# Goal of the exercise
Search the records for lines that contain the word "above". Copy them all.

_ _ _ _

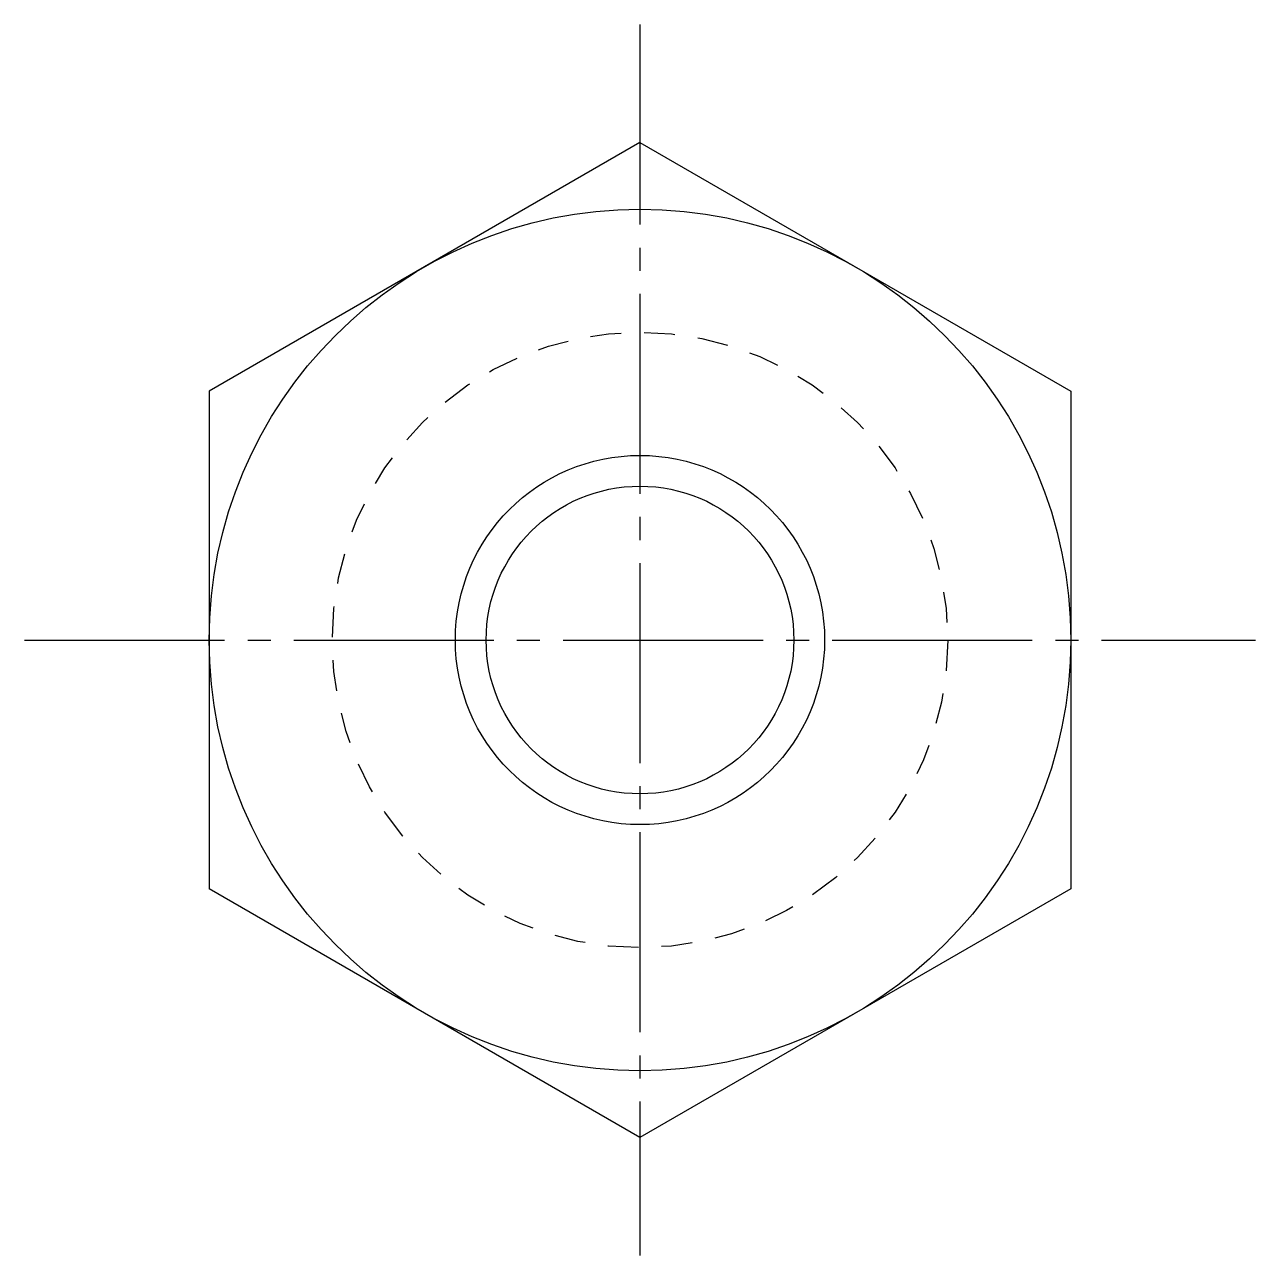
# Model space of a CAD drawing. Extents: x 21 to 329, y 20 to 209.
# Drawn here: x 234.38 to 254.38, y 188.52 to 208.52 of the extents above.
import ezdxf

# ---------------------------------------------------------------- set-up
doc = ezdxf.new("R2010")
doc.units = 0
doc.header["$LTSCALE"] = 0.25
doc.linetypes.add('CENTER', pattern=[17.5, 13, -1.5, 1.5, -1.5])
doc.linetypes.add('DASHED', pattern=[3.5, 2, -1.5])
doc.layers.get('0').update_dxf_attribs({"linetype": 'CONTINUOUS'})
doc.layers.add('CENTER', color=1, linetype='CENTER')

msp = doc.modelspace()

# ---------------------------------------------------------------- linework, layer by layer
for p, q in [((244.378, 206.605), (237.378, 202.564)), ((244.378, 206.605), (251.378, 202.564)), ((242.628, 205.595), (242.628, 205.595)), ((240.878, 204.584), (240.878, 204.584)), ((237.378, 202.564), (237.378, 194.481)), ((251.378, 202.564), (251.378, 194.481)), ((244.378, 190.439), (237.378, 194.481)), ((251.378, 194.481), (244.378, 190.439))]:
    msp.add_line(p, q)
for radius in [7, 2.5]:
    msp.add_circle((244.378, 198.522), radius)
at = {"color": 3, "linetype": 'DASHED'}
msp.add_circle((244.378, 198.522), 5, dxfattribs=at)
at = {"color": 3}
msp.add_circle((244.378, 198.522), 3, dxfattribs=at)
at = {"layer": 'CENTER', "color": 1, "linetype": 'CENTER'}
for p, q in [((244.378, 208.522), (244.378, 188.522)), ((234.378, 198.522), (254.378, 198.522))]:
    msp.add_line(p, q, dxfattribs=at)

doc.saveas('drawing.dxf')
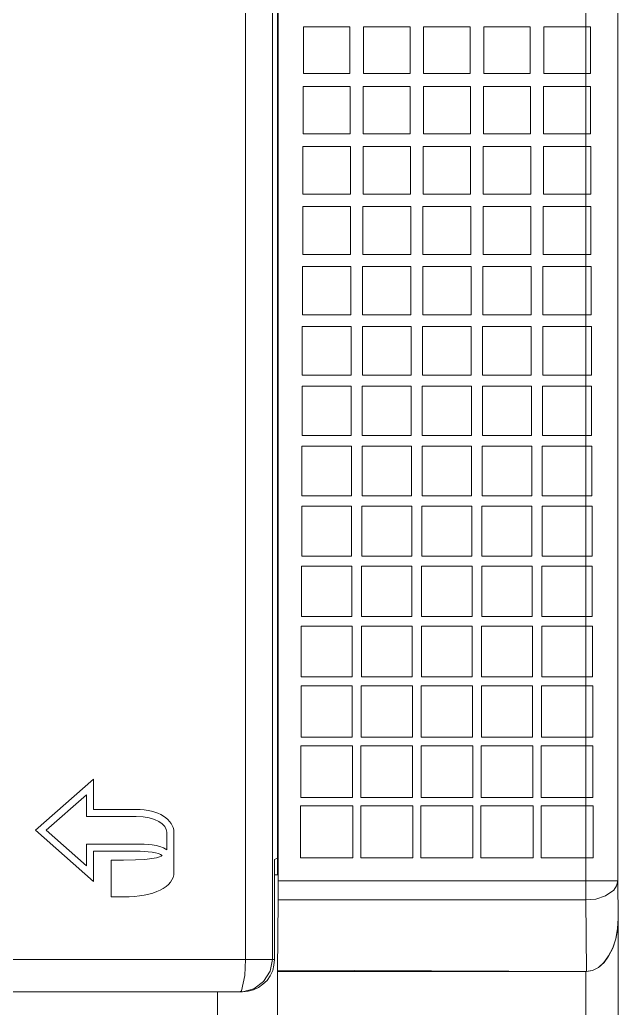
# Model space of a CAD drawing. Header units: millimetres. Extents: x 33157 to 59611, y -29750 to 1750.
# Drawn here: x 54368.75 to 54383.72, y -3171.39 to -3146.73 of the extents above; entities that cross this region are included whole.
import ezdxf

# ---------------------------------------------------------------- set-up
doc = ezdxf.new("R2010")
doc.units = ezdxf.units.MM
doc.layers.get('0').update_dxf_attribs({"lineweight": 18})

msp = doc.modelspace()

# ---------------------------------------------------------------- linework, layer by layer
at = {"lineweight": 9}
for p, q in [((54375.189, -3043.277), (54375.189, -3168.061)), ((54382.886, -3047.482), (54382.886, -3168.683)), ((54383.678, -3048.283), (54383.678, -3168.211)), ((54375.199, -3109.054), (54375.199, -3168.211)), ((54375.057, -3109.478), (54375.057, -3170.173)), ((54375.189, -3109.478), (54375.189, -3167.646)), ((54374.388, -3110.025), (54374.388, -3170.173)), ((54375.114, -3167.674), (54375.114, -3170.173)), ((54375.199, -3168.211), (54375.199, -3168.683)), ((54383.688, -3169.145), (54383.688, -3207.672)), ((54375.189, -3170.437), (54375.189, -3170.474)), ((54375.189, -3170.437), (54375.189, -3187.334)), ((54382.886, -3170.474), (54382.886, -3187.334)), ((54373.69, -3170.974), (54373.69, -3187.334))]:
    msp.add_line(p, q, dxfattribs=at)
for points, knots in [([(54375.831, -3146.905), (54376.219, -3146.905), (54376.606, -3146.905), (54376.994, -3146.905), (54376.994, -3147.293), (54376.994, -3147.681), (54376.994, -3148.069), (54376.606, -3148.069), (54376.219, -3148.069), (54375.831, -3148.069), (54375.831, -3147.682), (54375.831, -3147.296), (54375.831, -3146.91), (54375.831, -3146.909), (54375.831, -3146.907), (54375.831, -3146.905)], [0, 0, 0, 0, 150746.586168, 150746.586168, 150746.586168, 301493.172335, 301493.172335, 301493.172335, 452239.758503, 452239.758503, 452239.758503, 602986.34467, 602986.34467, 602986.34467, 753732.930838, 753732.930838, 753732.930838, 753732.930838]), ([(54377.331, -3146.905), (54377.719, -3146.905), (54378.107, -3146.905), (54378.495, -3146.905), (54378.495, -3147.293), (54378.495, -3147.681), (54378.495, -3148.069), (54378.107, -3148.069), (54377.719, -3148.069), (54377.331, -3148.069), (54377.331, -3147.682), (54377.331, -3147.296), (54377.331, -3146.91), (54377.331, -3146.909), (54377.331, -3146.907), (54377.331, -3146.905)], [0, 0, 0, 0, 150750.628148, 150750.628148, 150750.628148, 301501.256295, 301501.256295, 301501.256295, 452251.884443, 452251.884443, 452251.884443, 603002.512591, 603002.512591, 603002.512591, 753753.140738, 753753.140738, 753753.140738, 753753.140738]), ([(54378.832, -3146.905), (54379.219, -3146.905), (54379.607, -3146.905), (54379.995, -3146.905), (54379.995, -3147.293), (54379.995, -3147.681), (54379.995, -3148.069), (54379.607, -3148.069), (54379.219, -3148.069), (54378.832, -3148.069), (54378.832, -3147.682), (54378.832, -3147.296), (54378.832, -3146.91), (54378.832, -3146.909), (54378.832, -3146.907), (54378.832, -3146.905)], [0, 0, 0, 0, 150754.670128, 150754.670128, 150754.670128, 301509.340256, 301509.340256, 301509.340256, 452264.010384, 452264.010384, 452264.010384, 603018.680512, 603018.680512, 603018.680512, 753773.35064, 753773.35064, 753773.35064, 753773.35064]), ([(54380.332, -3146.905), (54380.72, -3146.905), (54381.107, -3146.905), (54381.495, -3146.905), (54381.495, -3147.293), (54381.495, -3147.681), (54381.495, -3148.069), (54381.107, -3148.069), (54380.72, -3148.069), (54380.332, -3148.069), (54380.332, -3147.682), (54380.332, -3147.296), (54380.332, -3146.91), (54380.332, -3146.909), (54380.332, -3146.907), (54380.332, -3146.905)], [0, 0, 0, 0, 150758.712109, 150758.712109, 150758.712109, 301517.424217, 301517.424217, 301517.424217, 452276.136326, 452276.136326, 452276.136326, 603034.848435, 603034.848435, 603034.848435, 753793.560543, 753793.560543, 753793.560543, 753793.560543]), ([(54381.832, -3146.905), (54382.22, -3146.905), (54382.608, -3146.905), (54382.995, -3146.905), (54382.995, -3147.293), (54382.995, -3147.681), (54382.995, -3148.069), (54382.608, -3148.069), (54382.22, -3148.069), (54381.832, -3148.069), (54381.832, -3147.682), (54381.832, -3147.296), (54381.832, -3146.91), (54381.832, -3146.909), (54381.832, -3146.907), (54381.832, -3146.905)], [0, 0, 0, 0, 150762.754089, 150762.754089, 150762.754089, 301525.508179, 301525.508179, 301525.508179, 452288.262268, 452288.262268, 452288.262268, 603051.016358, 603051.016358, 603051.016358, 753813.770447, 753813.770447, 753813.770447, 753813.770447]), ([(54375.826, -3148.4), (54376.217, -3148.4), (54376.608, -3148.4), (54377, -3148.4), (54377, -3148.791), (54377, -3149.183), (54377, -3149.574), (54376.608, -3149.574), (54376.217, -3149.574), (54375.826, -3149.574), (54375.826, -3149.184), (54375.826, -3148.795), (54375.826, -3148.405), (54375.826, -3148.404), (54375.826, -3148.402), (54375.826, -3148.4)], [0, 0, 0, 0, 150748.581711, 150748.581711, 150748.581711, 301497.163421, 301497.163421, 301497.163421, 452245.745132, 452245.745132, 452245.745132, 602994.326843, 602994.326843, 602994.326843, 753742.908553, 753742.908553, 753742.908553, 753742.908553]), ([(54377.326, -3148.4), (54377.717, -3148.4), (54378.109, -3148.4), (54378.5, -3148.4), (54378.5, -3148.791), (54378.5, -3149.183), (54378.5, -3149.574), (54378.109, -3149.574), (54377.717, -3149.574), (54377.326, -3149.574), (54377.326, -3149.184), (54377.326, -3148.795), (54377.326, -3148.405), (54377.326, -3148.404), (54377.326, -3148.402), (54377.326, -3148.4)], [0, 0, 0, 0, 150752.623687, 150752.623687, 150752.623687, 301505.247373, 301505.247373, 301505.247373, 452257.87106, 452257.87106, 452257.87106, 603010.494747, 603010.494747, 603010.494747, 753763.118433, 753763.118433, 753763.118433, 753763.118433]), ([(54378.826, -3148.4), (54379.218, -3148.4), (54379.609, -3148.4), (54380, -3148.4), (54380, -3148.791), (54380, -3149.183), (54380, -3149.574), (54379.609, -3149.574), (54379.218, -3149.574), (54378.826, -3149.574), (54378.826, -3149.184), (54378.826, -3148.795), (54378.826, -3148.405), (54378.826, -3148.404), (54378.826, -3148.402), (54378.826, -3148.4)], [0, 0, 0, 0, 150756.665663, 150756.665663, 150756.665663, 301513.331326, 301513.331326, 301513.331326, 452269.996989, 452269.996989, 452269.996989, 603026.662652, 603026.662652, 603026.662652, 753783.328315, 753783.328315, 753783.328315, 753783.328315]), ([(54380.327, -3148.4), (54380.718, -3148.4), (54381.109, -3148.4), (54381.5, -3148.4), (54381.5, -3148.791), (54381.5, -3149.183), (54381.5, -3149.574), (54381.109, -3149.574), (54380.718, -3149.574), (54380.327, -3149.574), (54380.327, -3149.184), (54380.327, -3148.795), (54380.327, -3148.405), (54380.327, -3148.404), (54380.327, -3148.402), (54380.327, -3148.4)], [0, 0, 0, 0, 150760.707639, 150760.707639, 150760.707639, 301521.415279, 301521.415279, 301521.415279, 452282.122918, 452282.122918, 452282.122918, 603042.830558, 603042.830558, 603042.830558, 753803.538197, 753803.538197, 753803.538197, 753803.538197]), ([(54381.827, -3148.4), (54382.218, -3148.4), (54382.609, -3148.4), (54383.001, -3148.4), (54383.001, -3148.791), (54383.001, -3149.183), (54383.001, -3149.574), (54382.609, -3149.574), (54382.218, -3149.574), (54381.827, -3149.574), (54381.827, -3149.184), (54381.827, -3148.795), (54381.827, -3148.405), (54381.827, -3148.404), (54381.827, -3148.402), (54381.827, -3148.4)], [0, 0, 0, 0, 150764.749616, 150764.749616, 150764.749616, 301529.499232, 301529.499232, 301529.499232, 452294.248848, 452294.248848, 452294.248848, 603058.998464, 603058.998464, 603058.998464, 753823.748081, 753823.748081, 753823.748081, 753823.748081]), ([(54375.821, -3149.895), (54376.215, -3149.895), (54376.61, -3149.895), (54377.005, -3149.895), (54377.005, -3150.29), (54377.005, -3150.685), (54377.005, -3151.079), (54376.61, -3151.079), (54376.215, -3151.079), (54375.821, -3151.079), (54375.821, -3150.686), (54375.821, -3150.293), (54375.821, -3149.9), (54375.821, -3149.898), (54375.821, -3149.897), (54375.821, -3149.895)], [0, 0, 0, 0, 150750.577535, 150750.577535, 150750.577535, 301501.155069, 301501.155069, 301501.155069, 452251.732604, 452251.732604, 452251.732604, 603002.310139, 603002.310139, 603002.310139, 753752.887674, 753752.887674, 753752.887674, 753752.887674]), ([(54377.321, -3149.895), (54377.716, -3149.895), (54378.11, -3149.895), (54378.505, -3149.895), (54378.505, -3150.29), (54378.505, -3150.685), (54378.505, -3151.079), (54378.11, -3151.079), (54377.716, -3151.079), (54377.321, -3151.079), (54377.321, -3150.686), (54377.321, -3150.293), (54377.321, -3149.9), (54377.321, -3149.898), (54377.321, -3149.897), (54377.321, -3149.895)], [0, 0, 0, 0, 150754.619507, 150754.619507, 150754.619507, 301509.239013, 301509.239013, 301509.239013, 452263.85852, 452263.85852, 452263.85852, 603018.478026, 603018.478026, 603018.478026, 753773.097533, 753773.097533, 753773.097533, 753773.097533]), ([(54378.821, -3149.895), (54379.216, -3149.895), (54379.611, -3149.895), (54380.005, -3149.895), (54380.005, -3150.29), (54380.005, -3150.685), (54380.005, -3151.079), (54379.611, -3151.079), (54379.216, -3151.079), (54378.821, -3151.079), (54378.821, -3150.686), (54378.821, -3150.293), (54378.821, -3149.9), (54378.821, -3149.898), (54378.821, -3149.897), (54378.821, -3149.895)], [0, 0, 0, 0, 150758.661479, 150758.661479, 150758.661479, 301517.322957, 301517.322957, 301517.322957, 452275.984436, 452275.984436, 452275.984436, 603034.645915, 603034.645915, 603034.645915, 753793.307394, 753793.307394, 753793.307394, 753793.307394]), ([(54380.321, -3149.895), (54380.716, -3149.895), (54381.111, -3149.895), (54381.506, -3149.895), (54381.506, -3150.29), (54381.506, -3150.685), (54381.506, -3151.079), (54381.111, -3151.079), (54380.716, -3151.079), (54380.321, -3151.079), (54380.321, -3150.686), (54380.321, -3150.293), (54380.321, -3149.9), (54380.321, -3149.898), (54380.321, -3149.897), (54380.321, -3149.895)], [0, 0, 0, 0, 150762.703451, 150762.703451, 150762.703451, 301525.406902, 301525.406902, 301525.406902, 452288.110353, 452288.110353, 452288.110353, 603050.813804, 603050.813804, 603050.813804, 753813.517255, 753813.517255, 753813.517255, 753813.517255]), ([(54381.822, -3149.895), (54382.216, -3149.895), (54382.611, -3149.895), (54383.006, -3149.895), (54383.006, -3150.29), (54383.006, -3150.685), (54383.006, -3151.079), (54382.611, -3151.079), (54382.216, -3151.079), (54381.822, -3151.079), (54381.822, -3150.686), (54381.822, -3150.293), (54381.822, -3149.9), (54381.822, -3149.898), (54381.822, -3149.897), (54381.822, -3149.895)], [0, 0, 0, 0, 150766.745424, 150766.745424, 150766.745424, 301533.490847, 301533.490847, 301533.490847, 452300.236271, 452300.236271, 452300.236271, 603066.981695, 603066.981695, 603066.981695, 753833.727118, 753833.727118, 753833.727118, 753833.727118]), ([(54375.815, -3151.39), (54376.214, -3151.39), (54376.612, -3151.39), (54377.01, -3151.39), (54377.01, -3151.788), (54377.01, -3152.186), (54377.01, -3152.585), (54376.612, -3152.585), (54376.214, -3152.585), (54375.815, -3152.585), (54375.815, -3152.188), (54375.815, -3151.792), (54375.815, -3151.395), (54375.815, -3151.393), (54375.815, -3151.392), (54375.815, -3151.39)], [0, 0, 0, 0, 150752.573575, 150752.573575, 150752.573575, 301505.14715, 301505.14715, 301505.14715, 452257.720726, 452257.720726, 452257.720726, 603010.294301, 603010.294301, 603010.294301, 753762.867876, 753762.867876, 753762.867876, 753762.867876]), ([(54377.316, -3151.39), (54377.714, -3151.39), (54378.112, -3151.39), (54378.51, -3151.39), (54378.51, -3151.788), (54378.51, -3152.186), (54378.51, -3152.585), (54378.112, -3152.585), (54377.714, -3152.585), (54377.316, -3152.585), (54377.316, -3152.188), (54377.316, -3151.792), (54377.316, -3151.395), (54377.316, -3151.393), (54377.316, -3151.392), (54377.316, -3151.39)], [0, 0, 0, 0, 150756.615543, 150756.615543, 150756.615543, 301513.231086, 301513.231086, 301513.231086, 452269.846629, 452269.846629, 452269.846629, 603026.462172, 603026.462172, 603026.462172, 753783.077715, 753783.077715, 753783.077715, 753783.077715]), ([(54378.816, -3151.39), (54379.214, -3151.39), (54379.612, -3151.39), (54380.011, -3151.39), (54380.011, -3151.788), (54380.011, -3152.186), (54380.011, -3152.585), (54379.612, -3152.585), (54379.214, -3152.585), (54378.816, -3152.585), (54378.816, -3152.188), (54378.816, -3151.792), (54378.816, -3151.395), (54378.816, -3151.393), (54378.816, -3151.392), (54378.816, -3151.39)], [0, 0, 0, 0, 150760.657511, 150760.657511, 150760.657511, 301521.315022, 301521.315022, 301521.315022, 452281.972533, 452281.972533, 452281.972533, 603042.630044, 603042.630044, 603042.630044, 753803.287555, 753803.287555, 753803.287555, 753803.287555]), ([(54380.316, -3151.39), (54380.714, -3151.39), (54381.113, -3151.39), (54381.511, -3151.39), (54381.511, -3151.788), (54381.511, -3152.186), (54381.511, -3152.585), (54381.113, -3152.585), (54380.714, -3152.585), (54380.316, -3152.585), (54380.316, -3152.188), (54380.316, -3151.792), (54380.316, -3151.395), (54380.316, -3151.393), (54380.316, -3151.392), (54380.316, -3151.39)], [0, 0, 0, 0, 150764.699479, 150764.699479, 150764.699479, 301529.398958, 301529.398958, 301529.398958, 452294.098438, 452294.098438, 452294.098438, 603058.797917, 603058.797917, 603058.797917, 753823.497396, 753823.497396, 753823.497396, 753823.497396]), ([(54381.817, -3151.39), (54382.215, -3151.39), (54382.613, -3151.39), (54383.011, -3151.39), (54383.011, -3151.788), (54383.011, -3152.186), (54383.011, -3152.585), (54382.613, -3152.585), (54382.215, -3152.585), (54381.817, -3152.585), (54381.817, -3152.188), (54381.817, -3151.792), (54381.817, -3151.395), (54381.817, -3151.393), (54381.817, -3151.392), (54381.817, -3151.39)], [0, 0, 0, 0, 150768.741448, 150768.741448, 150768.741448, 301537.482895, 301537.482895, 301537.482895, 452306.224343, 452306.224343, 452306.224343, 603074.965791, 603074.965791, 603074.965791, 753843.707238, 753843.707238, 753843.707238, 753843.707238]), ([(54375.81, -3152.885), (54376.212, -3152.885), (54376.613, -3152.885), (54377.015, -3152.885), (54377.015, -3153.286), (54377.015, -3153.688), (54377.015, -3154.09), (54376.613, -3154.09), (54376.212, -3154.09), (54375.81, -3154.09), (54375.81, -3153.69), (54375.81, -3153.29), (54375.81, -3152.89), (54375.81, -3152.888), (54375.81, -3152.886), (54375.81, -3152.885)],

_ _ _ _

# Problem solution
# Drawn here: x 234.38 to 254.38, y 188.52 to 208.52 of the extents above.
# Drawn here: x 54368.75 to 54383.72, y -3171.39 to -3146.73 of the extents above; entities that cross this region are included whole.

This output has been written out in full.